# Will there ever be another Dream Team?



## UD40 (May 12, 2005)

Simple question, will there ever be another team (from anywhere) like the '92 Dream Team?


----------



## Sir Patchwork (Jan 12, 2005)

Honestly, I think 2008 will give the dream team a run for it's money. 

LeBron will be like 23, Melo will be 24, Wade will be 25, Kobe will be 29, Chris Paul will be 22, Dwight Howard will be 22, Chris Bosh will be 23, and so on. These numbers are rough estimates, because I'm not sure exactly how old some of these guys are and I don't feel like looking it up, but you get the point. These guys are so young, and time so far has proven that these guys develop at a rapid pace. 

We could be looking at a real special collection of talent by 2008 if everything falls in place right, because all of these guys are about progress. Greg Oden should also be playing with the team by then. 

Now it's a different question if you're asking if any team will absolutely destroy teams like the original dream team did, because that's more dependant on the competition. That dream team would not have destroyed the 2004 Argentina team by 38 points. It would have been under 15 points.

USA had basketball as a primary sport way before any other country, which is why we dominated for so long. Some of the other countries adopted basketball as a primary sport probably 15 or so years ago, so they have naturally made up a ton of ground in catching up. That gap is only going to keep closing and eventually become non-existent.


----------



## rainman (Jul 15, 2002)

i dont think you'll see it, first off in 92 all the guys showed up, there wasnt this thing where the vets didnt want to play, bird/magic were there and they were to some extent past their prime but they still showed up. the second thing is i dont see players ever being as fundamentally sound as those players and that will show more in international competition. anyone trying to suggest this bunch(and i do think they will win it all this year) is as good as that 92 team is showing their age, no offense.


----------



## ralaw (Feb 24, 2005)

No, from top to bottom every single player (outside of Leatner) from the 92' squad was an elite player, who was an all time great. I think the 92' Dream Team had heart and competitiveness; however, I think the 08' squad will display these same attributes. The 92' Dream Team was more experienced than this 08' team considering before the they arrived for the Olympics. The 92' team had already won 5 NCAA championships, 9 NBA MVPs, and a 12 NBA championships. I think the 08's team has comparable talent, but not comparable basketball IQ and skill.

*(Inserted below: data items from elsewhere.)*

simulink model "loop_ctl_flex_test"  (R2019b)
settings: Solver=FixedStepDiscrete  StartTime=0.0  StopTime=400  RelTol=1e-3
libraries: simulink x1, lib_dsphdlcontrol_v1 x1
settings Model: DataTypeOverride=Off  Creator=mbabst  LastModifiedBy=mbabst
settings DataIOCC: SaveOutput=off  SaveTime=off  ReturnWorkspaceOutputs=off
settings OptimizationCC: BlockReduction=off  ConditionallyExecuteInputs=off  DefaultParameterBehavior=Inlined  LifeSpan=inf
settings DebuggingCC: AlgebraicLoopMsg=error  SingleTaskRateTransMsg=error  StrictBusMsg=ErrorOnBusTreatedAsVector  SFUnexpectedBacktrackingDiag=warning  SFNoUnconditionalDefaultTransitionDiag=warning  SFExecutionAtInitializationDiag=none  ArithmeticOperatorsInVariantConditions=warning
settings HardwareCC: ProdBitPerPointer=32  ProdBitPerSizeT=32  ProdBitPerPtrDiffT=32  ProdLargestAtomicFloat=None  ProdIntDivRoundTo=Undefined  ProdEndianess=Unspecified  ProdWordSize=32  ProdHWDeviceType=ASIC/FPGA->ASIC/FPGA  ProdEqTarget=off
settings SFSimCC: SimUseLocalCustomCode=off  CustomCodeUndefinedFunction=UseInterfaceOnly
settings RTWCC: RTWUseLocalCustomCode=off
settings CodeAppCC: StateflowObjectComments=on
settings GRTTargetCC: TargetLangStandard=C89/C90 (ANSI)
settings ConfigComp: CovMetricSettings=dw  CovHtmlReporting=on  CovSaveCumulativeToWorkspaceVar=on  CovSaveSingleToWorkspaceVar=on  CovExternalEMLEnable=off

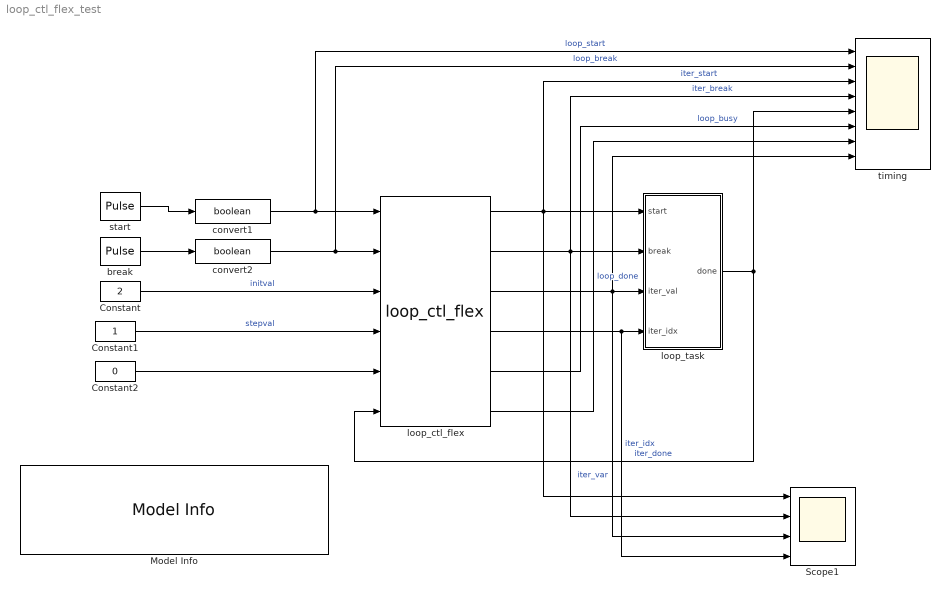
== system loop_ctl_flex_test ==
  Constant : Constant  Value=2  OutDataTypeStr=fixdt(1,8,4)  SampleTime=1
  Constant1 : Constant  OutDataTypeStr=fixdt(1,8,4)  SampleTime=1
  Constant2 : Constant  Value=0  OutDataTypeStr=fixdt(0,3,0)  SampleTime=1
  Model Info : simulink/Model-Wide Utilities/Model Info  Frame=on  DisplayStringWithTags=|  HorizontalTextAlignment=Left  LeftAlignmentValue=0.02
      | Copyright (c) 2005-2021 DSPlogic, Inc.
      | Distributed under the terms of the Simplified BSD License.
      | The full license is in the file LICENSE, distributed with this software.
      | 
      | Model: %<ModelName> (v%<ModelVersion>)
      | Author: Michael Babst <mike.babst@dsplogic.com>
      | Created: by %<Creator> on %<Created>
      | Modified: by %<ModifiedBy> on %<LastModificationDate>
  Scope1 : Scope  NumInputPorts=4
  break : DiscretePulseGenerator  Period=200  PhaseDelay=106
  convert1 : DataTypeConversion  OutDataTypeStr=boolean
  convert2 : DataTypeConversion  OutDataTypeStr=boolean
  loop_ctl_flex : lib_dsphdlcontrol_v1/loop_ctl_flex
      settings: SourceProductName=DSPHDL Library
  loop_task : Subsystem
  start : DiscretePulseGenerator  Period=100  PhaseDelay=5
  timing : Scope  NumInputPorts=8
  wires:
  start/1 -> convert1/1
  Constant/1 -> loop_ctl_flex/3  "initval"
  Constant1/1 -> loop_ctl_flex/4  "stepval"
  loop_task/1(done) -> timing/5, loop_ctl_flex/6  "iter_done"
  convert1/1 -> loop_ctl_flex/1, timing/1  "loop_start"
  Constant2/1 -> loop_ctl_flex/5
  break/1 -> convert2/1
  convert2/1 -> timing/2, loop_ctl_flex/2  "loop_break"
  loop_ctl_flex/2 -> loop_task/2(break), Scope1/2, timing/4  "iter_break"
  loop_ctl_flex/1 -> Scope1/1, timing/3, loop_task/1(start)  "iter_start"
  loop_ctl_flex/3 -> Scope1/3, timing/8, loop_task/3(iter_val)  "iter_var"
  loop_ctl_flex/4 -> Scope1/4, loop_task/4(iter_idx)  "iter_idx"
  loop_ctl_flex/5 -> timing/6  "loop_busy"
  loop_ctl_flex/6 -> timing/7  "loop_done"

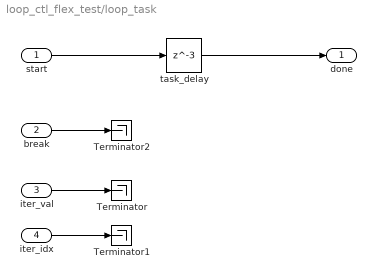
== system loop_ctl_flex_test/loop_task ==
  start : Inport
  break : Inport  Port=2
  iter_val : Inport  Port=3
  iter_idx : Inport  Port=4
  Terminator : Terminator
  Terminator1 : Terminator
  Terminator2 : Terminator
  task_delay : Delay  DelayLength=3  InitialCondition=0
  done : Outport
  wires:
  task_delay/1 -> done/1
  start/1 -> task_delay/1
  iter_val/1 -> Terminator/1
  iter_idx/1 -> Terminator1/1
  break/1 -> Terminator2/1

The 92' team had virtually the perfect balance from dominance in the post with Ewing and Robinson, Malone and Barkley; dominance on the wing with Jordan, Magic, Drexler, Pippen and Mullin; perimeter defense in Jordan, Pippen and Stockton; perimeter shooting in Bird, Mullin, Stockton; and leadership in Jordan, Stockton, Magic and Bird. The 92' Dream Team is the best team ever and will continue to be for a long, long time.


----------



## CSILASVEGAS (Jan 14, 2006)

I'm just curious, but why did we not include players like Tim Duncan, Vince Carter, Kevin Garnett, Allen Iverson, Jason Kidd, who have proven that they can win it in international competitions rather than send guys that have relatively no experience. I guess the best thing to keep up with the world, and keep that Dream Team status for a long term is have a mixture of veterans like the ones i mentioned and a bunch of young guns like Bron Melo Wade Bosh and Kirk. I feel that having veterans can help in the maturity factor of their younger teammates.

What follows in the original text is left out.